▶ **DESCRIPTION OF THE TASK**
All lines at and after the one containing "[diagram v4a: part of the schematic, before]", up to the end of the listing below, are to be printed exactly, with the pictures omitted.

▶ **DATA PROVIDED**

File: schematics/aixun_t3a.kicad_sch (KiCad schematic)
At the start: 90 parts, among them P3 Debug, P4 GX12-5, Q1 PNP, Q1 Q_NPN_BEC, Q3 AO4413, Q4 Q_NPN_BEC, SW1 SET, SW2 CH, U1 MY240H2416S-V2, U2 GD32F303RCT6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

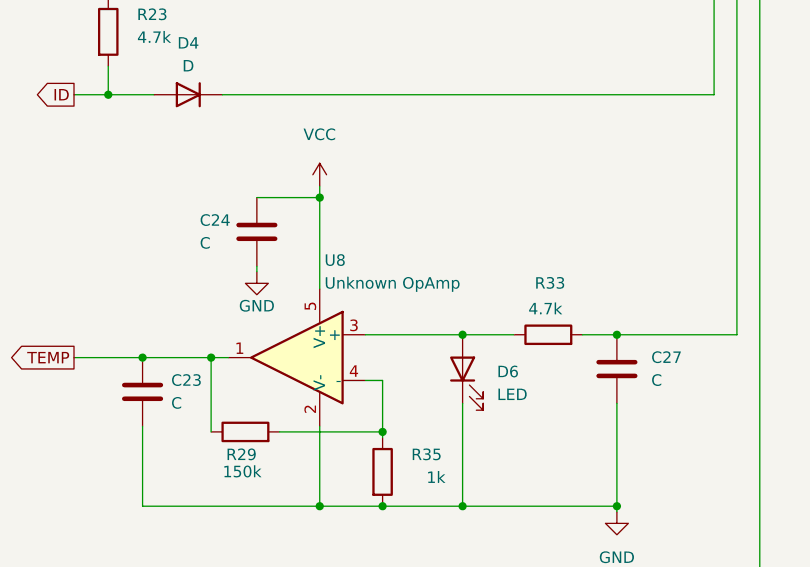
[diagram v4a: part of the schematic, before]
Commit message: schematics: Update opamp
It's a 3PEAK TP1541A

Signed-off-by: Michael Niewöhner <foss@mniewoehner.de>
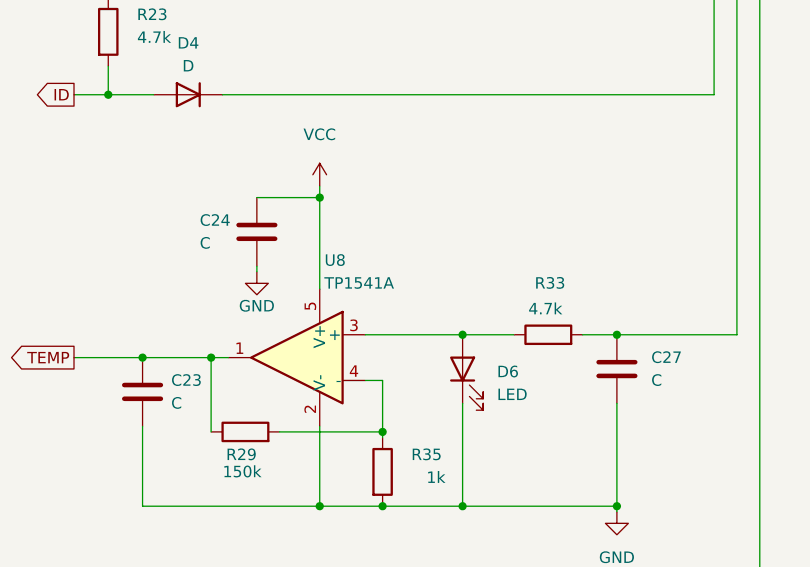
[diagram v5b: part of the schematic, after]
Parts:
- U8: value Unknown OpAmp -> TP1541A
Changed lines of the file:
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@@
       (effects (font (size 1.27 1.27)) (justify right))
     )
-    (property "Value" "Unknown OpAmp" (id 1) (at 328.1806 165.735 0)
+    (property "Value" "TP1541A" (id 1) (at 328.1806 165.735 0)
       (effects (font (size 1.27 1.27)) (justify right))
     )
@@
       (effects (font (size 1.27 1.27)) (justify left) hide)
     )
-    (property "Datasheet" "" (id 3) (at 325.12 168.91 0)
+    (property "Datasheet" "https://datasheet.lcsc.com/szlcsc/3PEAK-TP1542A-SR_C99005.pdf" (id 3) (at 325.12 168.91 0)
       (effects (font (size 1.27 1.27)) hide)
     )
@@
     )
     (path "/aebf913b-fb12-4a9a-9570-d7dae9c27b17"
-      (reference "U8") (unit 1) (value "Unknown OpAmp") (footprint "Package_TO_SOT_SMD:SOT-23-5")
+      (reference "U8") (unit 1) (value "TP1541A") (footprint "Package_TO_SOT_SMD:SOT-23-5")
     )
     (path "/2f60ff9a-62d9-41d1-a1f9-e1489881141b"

▶ **ANSWER SECTION**
[diagram v4a: part of the schematic, before]
Commit message: schematics: Update opamp
It's a 3PEAK TP1541A

Signed-off-by: Michael Niewöhner <foss@mniewoehner.de>
[diagram v5b: part of the schematic, after]
Parts:
- U8: value Unknown OpAmp -> TP1541A
Changed lines of the file:
@@
       (effects (font (size 1.27 1.27)) (justify right))
     )
-    (property "Value" "Unknown OpAmp" (id 1) (at 328.1806 165.735 0)
+    (property "Value" "TP1541A" (id 1) (at 328.1806 165.735 0)
       (effects (font (size 1.27 1.27)) (justify right))
     )
@@
       (effects (font (size 1.27 1.27)) (justify left) hide)
     )
-    (property "Datasheet" "" (id 3) (at 325.12 168.91 0)
+    (property "Datasheet" "https://datasheet.lcsc.com/szlcsc/3PEAK-TP1542A-SR_C99005.pdf" (id 3) (at 325.12 168.91 0)
       (effects (font (size 1.27 1.27)) hide)
     )
@@
     )
     (path "/aebf913b-fb12-4a9a-9570-d7dae9c27b17"
-      (reference "U8") (unit 1) (value "Unknown OpAmp") (footprint "Package_TO_SOT_SMD:SOT-23-5")
+      (reference "U8") (unit 1) (value "TP1541A") (footprint "Package_TO_SOT_SMD:SOT-23-5")
     )
     (path "/2f60ff9a-62d9-41d1-a1f9-e1489881141b"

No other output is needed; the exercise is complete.